I think patients are sicker now than they used to be. With medical advances, we are saving more people, but they require more nursing care. I think some people are getting burned out faster. So whether they leave the field of nursing or go to a clinic or something less strenuous, that probably has an effect.

Well, what has kept you at the bedside for so long?

The challenge every single day is different. There is never a day that's the same. You'll never get bored in nursing. I like to learn, too, and so every day I learn something new or teach myself something new or teach something to somebody else.

My heart is just about taking care of people. It's who I've always been. And when I can't do that, it's just like I'm missing a piece of me.

What do you think about working on our Neuro Unit?

First, I work with a slew of very smart people – from the CNAs to the nurses to all of the providers. We are a team. It's not a triangle where the doctors are on the top and the CNAs are on the bottom. We all contribute to the team, we all respect each other and listen to each other.

The neuro nurses here are incredible. When I first started here, there were five new grads that were hired about six months prior to me. I had no clue they were new grads because of how skilled they were. We have top notch nurses on this floor, and I think we all care about each other. You know, you're at work as much as you're at home, and when somebody needs something, we're there to help them.

The doctors are very, very respectful of the nurses here, and it’s just a different culture.

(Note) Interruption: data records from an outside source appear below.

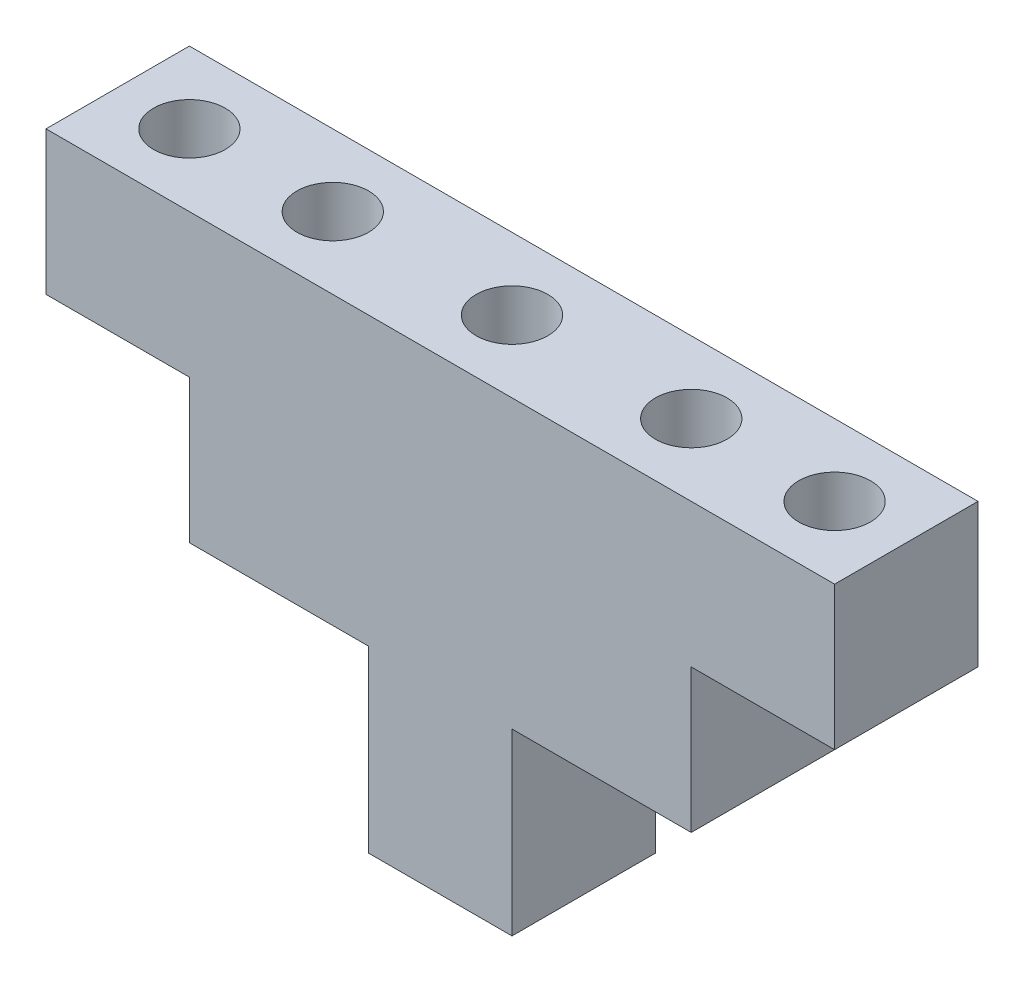
ISO-10303-21;
HEADER;
FILE_DESCRIPTION(('STEP AP214'),'2;1');
FILE_NAME('part.step','',(''),(''),'','','');
FILE_SCHEMA(('AUTOMOTIVE_DESIGN { 1 0 10303 214 1 1 1 1 }'));
ENDSEC;
DATA;
#1=APPLICATION_CONTEXT('core data for automotive mechanical design processes');
#2=APPLICATION_PROTOCOL_DEFINITION('international standard','automotive_design',2000,#1);
#3=PRODUCT_CONTEXT('',#1,'mechanical');
#4=PRODUCT('Part','Part','',(#3));
#5=PRODUCT_RELATED_PRODUCT_CATEGORY('part','',(#4));
#6=PRODUCT_DEFINITION_FORMATION('','',#4);
#7=PRODUCT_DEFINITION_CONTEXT('part definition',#1,'design');
#8=PRODUCT_DEFINITION('design','',#6,#7);
#9=PRODUCT_DEFINITION_SHAPE('','',#8);
#10=(LENGTH_UNIT() NAMED_UNIT(*) SI_UNIT(.MILLI.,.METRE.));
#11=(NAMED_UNIT(*) PLANE_ANGLE_UNIT() SI_UNIT($,.RADIAN.));
#12=(NAMED_UNIT(*) SI_UNIT($,.STERADIAN.) SOLID_ANGLE_UNIT());
#13=UNCERTAINTY_MEASURE_WITH_UNIT(LENGTH_MEASURE(1.E-05),#10,'distance_accuracy_value','');
#14=(GEOMETRIC_REPRESENTATION_CONTEXT(3) GLOBAL_UNCERTAINTY_ASSIGNED_CONTEXT((#13)) GLOBAL_UNIT_ASSIGNED_CONTEXT((#10,
#11,#12)) REPRESENTATION_CONTEXT('',''));
#15=CARTESIAN_POINT('',(0.,0.,0.));
#16=DIRECTION('',(0.,0.,1.));
#17=DIRECTION('',(1.,0.,0.));
#18=AXIS2_PLACEMENT_3D('',#15,#16,#17);
#19=CARTESIAN_POINT('',(0.,0.,12.7));
#20=DIRECTION('',(0.,0.,1.));
#21=DIRECTION('',(1.,0.,0.));
#22=AXIS2_PLACEMENT_3D('',#19,#20,#21);
#23=PLANE('',#22);
#24=DIRECTION('',(0.,1.,0.));
#25=VECTOR('',#24,1.);
#26=CARTESIAN_POINT('',(-6.35,-28.575,12.7));
#27=LINE('',#26,#25);
#28=CARTESIAN_POINT('',(-6.35,-28.575,12.7));
#29=VERTEX_POINT('',#28);
#30=CARTESIAN_POINT('',(-6.35,-12.7,12.7));
#31=VERTEX_POINT('',#30);
#32=EDGE_CURVE('E155',#29,#31,#27,.T.);
#33=ORIENTED_EDGE('',*,*,#32,.F.);
#34=DIRECTION('',(-1.,0.,0.));
#35=VECTOR('',#34,1.);
#36=CARTESIAN_POINT('',(-22.225,-28.575,12.7));
#37=LINE('',#36,#35);
#38=CARTESIAN_POINT('',(6.35,-28.575,12.7));
#39=VERTEX_POINT('',#38);
#40=EDGE_CURVE('E140',#39,#29,#37,.T.);
#41=ORIENTED_EDGE('',*,*,#40,.F.);
#42=DIRECTION('',(0.,1.,0.));
#43=VECTOR('',#42,1.);
#44=CARTESIAN_POINT('',(6.35,-28.575,12.7));
#45=LINE('',#44,#43);
#46=CARTESIAN_POINT('',(6.35,-12.7,12.7));
#47=VERTEX_POINT('',#46);
#48=EDGE_CURVE('E148',#39,#47,#45,.T.);
#49=ORIENTED_EDGE('',*,*,#48,.T.);
#50=DIRECTION('',(1.,0.,0.));
#51=VECTOR('',#50,1.);
#52=CARTESIAN_POINT('',(0.,-12.7,12.7));
#53=LINE('',#52,#51);
#54=CARTESIAN_POINT('',(22.225,-12.7,12.7));
#55=VERTEX_POINT('',#54);
#56=EDGE_CURVE('E63',#47,#55,#53,.T.);
#57=ORIENTED_EDGE('',*,*,#56,.T.);
#58=DIRECTION('',(0.,1.,0.));
#59=VECTOR('',#58,1.);
#60=CARTESIAN_POINT('',(22.225,0.,12.7));
#61=LINE('',#60,#59);
#62=CARTESIAN_POINT('',(22.225,0.,12.7));
#63=VERTEX_POINT('',#62);
#64=EDGE_CURVE('E191',#55,#63,#61,.T.);
#65=ORIENTED_EDGE('',*,*,#64,.T.);
#66=DIRECTION('',(1.,0.,0.));
#67=VECTOR('',#66,1.);
#68=CARTESIAN_POINT('',(0.,0.,12.7));
#69=LINE('',#68,#67);
#70=CARTESIAN_POINT('',(34.925,0.,12.7));
#71=VERTEX_POINT('',#70);
#72=EDGE_CURVE('E194',#63,#71,#69,.T.);
#73=ORIENTED_EDGE('',*,*,#72,.T.);
#74=DIRECTION('',(0.,-1.,0.));
#75=VECTOR('',#74,1.);
#76=CARTESIAN_POINT('',(34.925,0.,12.7));
#77=LINE('',#76,#75);
#78=CARTESIAN_POINT('',(34.925,12.7,12.7));
#79=VERTEX_POINT('',#78);
#80=EDGE_CURVE('E197',#79,#71,#77,.T.);
#81=ORIENTED_EDGE('',*,*,#80,.F.);
#82=DIRECTION('',(1.,0.,0.));
#83=VECTOR('',#82,1.);
#84=CARTESIAN_POINT('',(0.,12.7,12.7));
#85=LINE('',#84,#83);
#86=CARTESIAN_POINT('',(-34.925,12.7,12.7));
#87=VERTEX_POINT('',#86);
#88=EDGE_CURVE('E200',#87,#79,#85,.T.);
#89=ORIENTED_EDGE('',*,*,#88,.F.);
#90=DIRECTION('',(0.,-1.,0.));
#91=VECTOR('',#90,1.);
#92=CARTESIAN_POINT('',(-34.925,0.,12.7));
#93=LINE('',#92,#91);
#94=CARTESIAN_POINT('',(-34.925,0.,12.7));
#95=VERTEX_POINT('',#94);
#96=EDGE_CURVE('E203',#87,#95,#93,.T.);
#97=ORIENTED_EDGE('',*,*,#96,.T.);
#98=DIRECTION('',(1.,0.,0.));
#99=VECTOR('',#98,1.);
#100=CARTESIAN_POINT('',(0.,0.,12.7));
#101=LINE('',#100,#99);
#102=CARTESIAN_POINT('',(-22.225,0.,12.7));
#103=VERTEX_POINT('',#102);
#104=EDGE_CURVE('E205',#95,#103,#101,.T.);
#105=ORIENTED_EDGE('',*,*,#104,.T.);
#106=DIRECTION('',(0.,1.,0.));
#107=VECTOR('',#106,1.);
#108=CARTESIAN_POINT('',(-22.225,0.,12.7));
#109=LINE('',#108,#107);
#110=CARTESIAN_POINT('',(-22.225,-12.7,12.7));
#111=VERTEX_POINT('',#110);
#112=EDGE_CURVE('E207',#111,#103,#109,.T.);
#113=ORIENTED_EDGE('',*,*,#112,.F.);
#114=EDGE_CURVE('E210',#111,#31,#53,.T.);
#115=ORIENTED_EDGE('',*,*,#114,.T.);
#116=EDGE_LOOP('',(#33,#41,#49,#57,#65,#73,#81,#89,#97,#105,#113,#115));
#117=FACE_BOUND('',#116,.T.);
#118=ADVANCED_FACE('F47',(#117),#23,.T.);
#119=CARTESIAN_POINT('',(0.,0.,0.));
#120=DIRECTION('',(0.,0.,1.));
#121=DIRECTION('',(1.,0.,0.));
#122=AXIS2_PLACEMENT_3D('',#119,#120,#121);
#123=PLANE('',#122);
#124=DIRECTION('',(1.,0.,0.));
#125=VECTOR('',#124,1.);
#126=CARTESIAN_POINT('',(-22.225,-28.575,0.));
#127=LINE('',#126,#125);
#128=CARTESIAN_POINT('',(-6.35,-28.575,0.));
#129=VERTEX_POINT('',#128);
#130=CARTESIAN_POINT('',(6.35,-28.575,0.));
#131=VERTEX_POINT('',#130);
#132=EDGE_CURVE('E143',#129,#131,#127,.T.);
#133=ORIENTED_EDGE('',*,*,#132,.F.);
#134=DIRECTION('',(0.,1.,0.));
#135=VECTOR('',#134,1.);
#136=CARTESIAN_POINT('',(-6.35,-28.575,0.));
#137=LINE('',#136,#135);
#138=CARTESIAN_POINT('',(-6.35,-12.7,0.));
#139=VERTEX_POINT('',#138);
#140=EDGE_CURVE('E161',#129,#139,#137,.T.);
#141=ORIENTED_EDGE('',*,*,#140,.T.);
#142=DIRECTION('',(1.,0.,0.));
#143=VECTOR('',#142,1.);
#144=CARTESIAN_POINT('',(0.,-12.7,0.));
#145=LINE('',#144,#143);
#146=CARTESIAN_POINT('',(-22.225,-12.7,0.));
#147=VERTEX_POINT('',#146);
#148=EDGE_CURVE('E195',#147,#139,#145,.T.);
#149=ORIENTED_EDGE('',*,*,#148,.F.);
#150=DIRECTION('',(0.,1.,0.));
#151=VECTOR('',#150,1.);
#152=CARTESIAN_POINT('',(-22.225,0.,0.));
#153=LINE('',#152,#151);
#154=CARTESIAN_POINT('',(-22.225,0.,0.));
#155=VERTEX_POINT('',#154);
#156=EDGE_CURVE('E229',#147,#155,#153,.T.);
#157=ORIENTED_EDGE('',*,*,#156,.T.);
#158=DIRECTION('',(1.,0.,0.));
#159=VECTOR('',#158,1.);
#160=CARTESIAN_POINT('',(0.,0.,0.));
#161=LINE('',#160,#159);
#162=CARTESIAN_POINT('',(-34.925,0.,0.));
#163=VERTEX_POINT('',#162);
#164=EDGE_CURVE('E226',#163,#155,#161,.T.);
#165=ORIENTED_EDGE('',*,*,#164,.F.);
#166=DIRECTION('',(0.,-1.,0.));
#167=VECTOR('',#166,1.);
#168=CARTESIAN_POINT('',(-34.925,0.,0.));
#169=LINE('',#168,#167);
#170=CARTESIAN_POINT('',(-34.925,12.7,0.));
#171=VERTEX_POINT('',#170);
#172=EDGE_CURVE('E224',#171,#163,#169,.T.);
#173=ORIENTED_EDGE('',*,*,#172,.F.);
#174=DIRECTION('',(1.,0.,0.));
#175=VECTOR('',#174,1.);
#176=CARTESIAN_POINT('',(0.,12.7,0.));
#177=LINE('',#176,#175);
#178=CARTESIAN_POINT('',(34.925,12.7,0.));
#179=VERTEX_POINT('',#178);
#180=EDGE_CURVE('E221',#171,#179,#177,.T.);
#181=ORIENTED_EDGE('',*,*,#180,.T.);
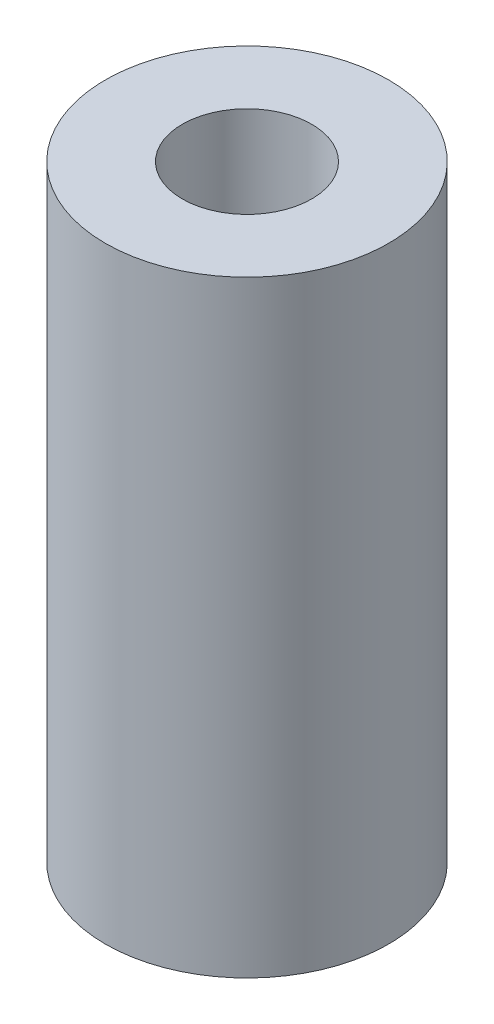
ISO-10303-21;
HEADER;
FILE_DESCRIPTION(('STEP AP214'),'2;1');
FILE_NAME('part.step','',(''),(''),'','','');
FILE_SCHEMA(('AUTOMOTIVE_DESIGN { 1 0 10303 214 1 1 1 1 }'));
ENDSEC;
DATA;
#1=APPLICATION_CONTEXT('core data for automotive mechanical design processes');
#2=APPLICATION_PROTOCOL_DEFINITION('international standard','automotive_design',2000,#1);
#3=PRODUCT_CONTEXT('',#1,'mechanical');
#4=PRODUCT('Part','Part','',(#3));
#5=PRODUCT_RELATED_PRODUCT_CATEGORY('part','',(#4));
#6=PRODUCT_DEFINITION_FORMATION('','',#4);
#7=PRODUCT_DEFINITION_CONTEXT('part definition',#1,'design');
#8=PRODUCT_DEFINITION('design','',#6,#7);
#9=PRODUCT_DEFINITION_SHAPE('','',#8);
#10=(LENGTH_UNIT() NAMED_UNIT(*) SI_UNIT(.MILLI.,.METRE.));
#11=(NAMED_UNIT(*) PLANE_ANGLE_UNIT() SI_UNIT($,.RADIAN.));
#12=(NAMED_UNIT(*) SI_UNIT($,.STERADIAN.) SOLID_ANGLE_UNIT());
#13=UNCERTAINTY_MEASURE_WITH_UNIT(LENGTH_MEASURE(1.E-05),#10,'distance_accuracy_value','');
#14=(GEOMETRIC_REPRESENTATION_CONTEXT(3) GLOBAL_UNCERTAINTY_ASSIGNED_CONTEXT((#13)) GLOBAL_UNIT_ASSIGNED_CONTEXT((#10,
#11,#12)) REPRESENTATION_CONTEXT('',''));
#15=CARTESIAN_POINT('',(0.,0.,0.));
#16=DIRECTION('',(0.,0.,1.));
#17=DIRECTION('',(1.,0.,0.));
#18=AXIS2_PLACEMENT_3D('',#15,#16,#17);
#19=CARTESIAN_POINT('',(0.,7.5,0.));
#20=DIRECTION('',(0.,1.,0.));
#21=DIRECTION('',(0.,0.,1.));
#22=AXIS2_PLACEMENT_3D('',#19,#20,#21);
#23=PLANE('',#22);
#24=CARTESIAN_POINT('',(0.,7.5,0.));
#25=DIRECTION('',(0.,1.,0.));
#26=DIRECTION('',(0.,0.,1.));
#27=AXIS2_PLACEMENT_3D('',#24,#25,#26);
#28=CIRCLE('',#27,3.5);
#29=CARTESIAN_POINT('',(0.,7.5,3.5));
#30=VERTEX_POINT('',#29);
#31=EDGE_CURVE('E10',#30,#30,#28,.T.);
#32=ORIENTED_EDGE('',*,*,#31,.T.);
#33=EDGE_LOOP('',(#32));
#34=FACE_BOUND('',#33,.T.);
#35=CARTESIAN_POINT('',(0.,7.5,0.));
#36=DIRECTION('',(0.,1.,0.));
#37=DIRECTION('',(0.,0.,1.));
#38=AXIS2_PLACEMENT_3D('',#35,#36,#37);
#39=CIRCLE('',#38,1.6);
#40=CARTESIAN_POINT('',(0.,7.5,1.6));
#41=VERTEX_POINT('',#40);
#42=EDGE_CURVE('E44',#41,#41,#39,.T.);
#43=ORIENTED_EDGE('',*,*,#42,.F.);
#44=EDGE_LOOP('',(#43));
#45=FACE_BOUND('',#44,.T.);
#46=ADVANCED_FACE('F33',(#34,#45),#23,.T.);
#47=CARTESIAN_POINT('',(0.,-7.5,0.));
#48=DIRECTION('',(0.,1.,0.));
#49=DIRECTION('',(0.,0.,1.));
#50=AXIS2_PLACEMENT_3D('',#47,#48,#49);
#51=PLANE('',#50);
#52=CARTESIAN_POINT('',(0.,-7.5,0.));
#53=DIRECTION('',(0.,1.,0.));
#54=DIRECTION('',(0.,0.,1.));
#55=AXIS2_PLACEMENT_3D('',#52,#53,#54);
#56=CIRCLE('',#55,3.5);
#57=CARTESIAN_POINT('',(0.,-7.5,3.5));
#58=VERTEX_POINT('',#57);
#59=EDGE_CURVE('E37',#58,#58,#56,.T.);
#60=ORIENTED_EDGE('',*,*,#59,.F.);
#61=EDGE_LOOP('',(#60));
#62=FACE_BOUND('',#61,.T.);
#63=CARTESIAN_POINT('',(0.,-7.5,0.));
#64=DIRECTION('',(0.,1.,0.));
#65=DIRECTION('',(0.,0.,1.));
#66=AXIS2_PLACEMENT_3D('',#63,#64,#65);
#67=CIRCLE('',#66,1.6);
#68=CARTESIAN_POINT('',(0.,-7.5,1.6));
#69=VERTEX_POINT('',#68);
#70=EDGE_CURVE('E46',#69,#69,#67,.T.);
#71=ORIENTED_EDGE('',*,*,#70,.T.);
#72=EDGE_LOOP('',(#71));
#73=FACE_BOUND('',#72,.T.);
#74=ADVANCED_FACE('F56',(#62,#73),#51,.F.);
#75=CARTESIAN_POINT('',(0.,7.5,0.));
#76=DIRECTION('',(0.,-1.,0.));
#77=DIRECTION('',(0.,0.,-1.));
#78=AXIS2_PLACEMENT_3D('',#75,#76,#77);
#79=CYLINDRICAL_SURFACE('',#78,3.5);
#80=ORIENTED_EDGE('',*,*,#31,.F.);
#81=EDGE_LOOP('',(#80));
#82=FACE_BOUND('',#81,.T.);
#83=ORIENTED_EDGE('',*,*,#59,.T.);
#84=EDGE_LOOP('',(#83));
#85=FACE_BOUND('',#84,.T.);
#86=ADVANCED_FACE('F35',(#82,#85),#79,.T.);
#87=CARTESIAN_POINT('',(0.,7.5,0.));
#88=DIRECTION('',(0.,-1.,0.));
#89=DIRECTION('',(0.,0.,-1.));
#90=AXIS2_PLACEMENT_3D('',#87,#88,#89);
#91=CYLINDRICAL_SURFACE('',#90,1.6);
#92=ORIENTED_EDGE('',*,*,#42,.T.);
#93=EDGE_LOOP('',(#92));
#94=FACE_BOUND('',#93,.T.);
#95=ORIENTED_EDGE('',*,*,#70,.F.);
#96=EDGE_LOOP('',(#95));
#97=FACE_BOUND('',#96,.T.);
#98=ADVANCED_FACE('F52',(#94,#97),#91,.F.);
#99=CLOSED_SHELL('',(#46,#74,#86,#98));
#100=MANIFOLD_SOLID_BREP('B2',#99);
#101=ADVANCED_BREP_SHAPE_REPRESENTATION('',(#18,#100),#14);
#102=SHAPE_DEFINITION_REPRESENTATION(#9,#101);
ENDSEC;
END-ISO-10303-21;

What did you think when you heard that you had been named one of Wyoming’s Top Nurses by the Casper Star-Tribune?

I was so excited. It's such a huge honor, and it validates the hard work I put into nursing. I have dedicated my entire life to this profession. I was a nurse before I was anything. I was a nurse before I was a wife, then a mother of twins then a mother of a daughter. It is quite amazing.

As a regional referral center, Banner Wyoming Medical Center covers about 250,000 Wyoming lives. We protect the health of our friends, neighbors, community and state. Does being part of that make you proud to work here?

I think we give outstanding care. It's a very different setting from coming from a rural critical access hospital. These patients are so much more sick, and the nursing care that we deliver here is very different. You have to be on your game.

You know, when I left Douglas, one of my biggest concerns was, ‘Oh my gosh, my people. I am not going to be able to take care of my people, my community, anymore.’ I was so wrong.

Just recently, after returning to work after neck surgery, we had 16 patients on the floor and I knew five of them. Every single day I work, I take care of or I encounter somebody I know whether they are from Buffalo or Glenrock or Douglas. I still get to take care of my people, and as a matter of fact, the area has gotten bigger. Now, I'm not just taking care of Converse County, I get to care for people I know from the whole state. Wyoming is its own community, and I feel it here at Wyoming Medical Center.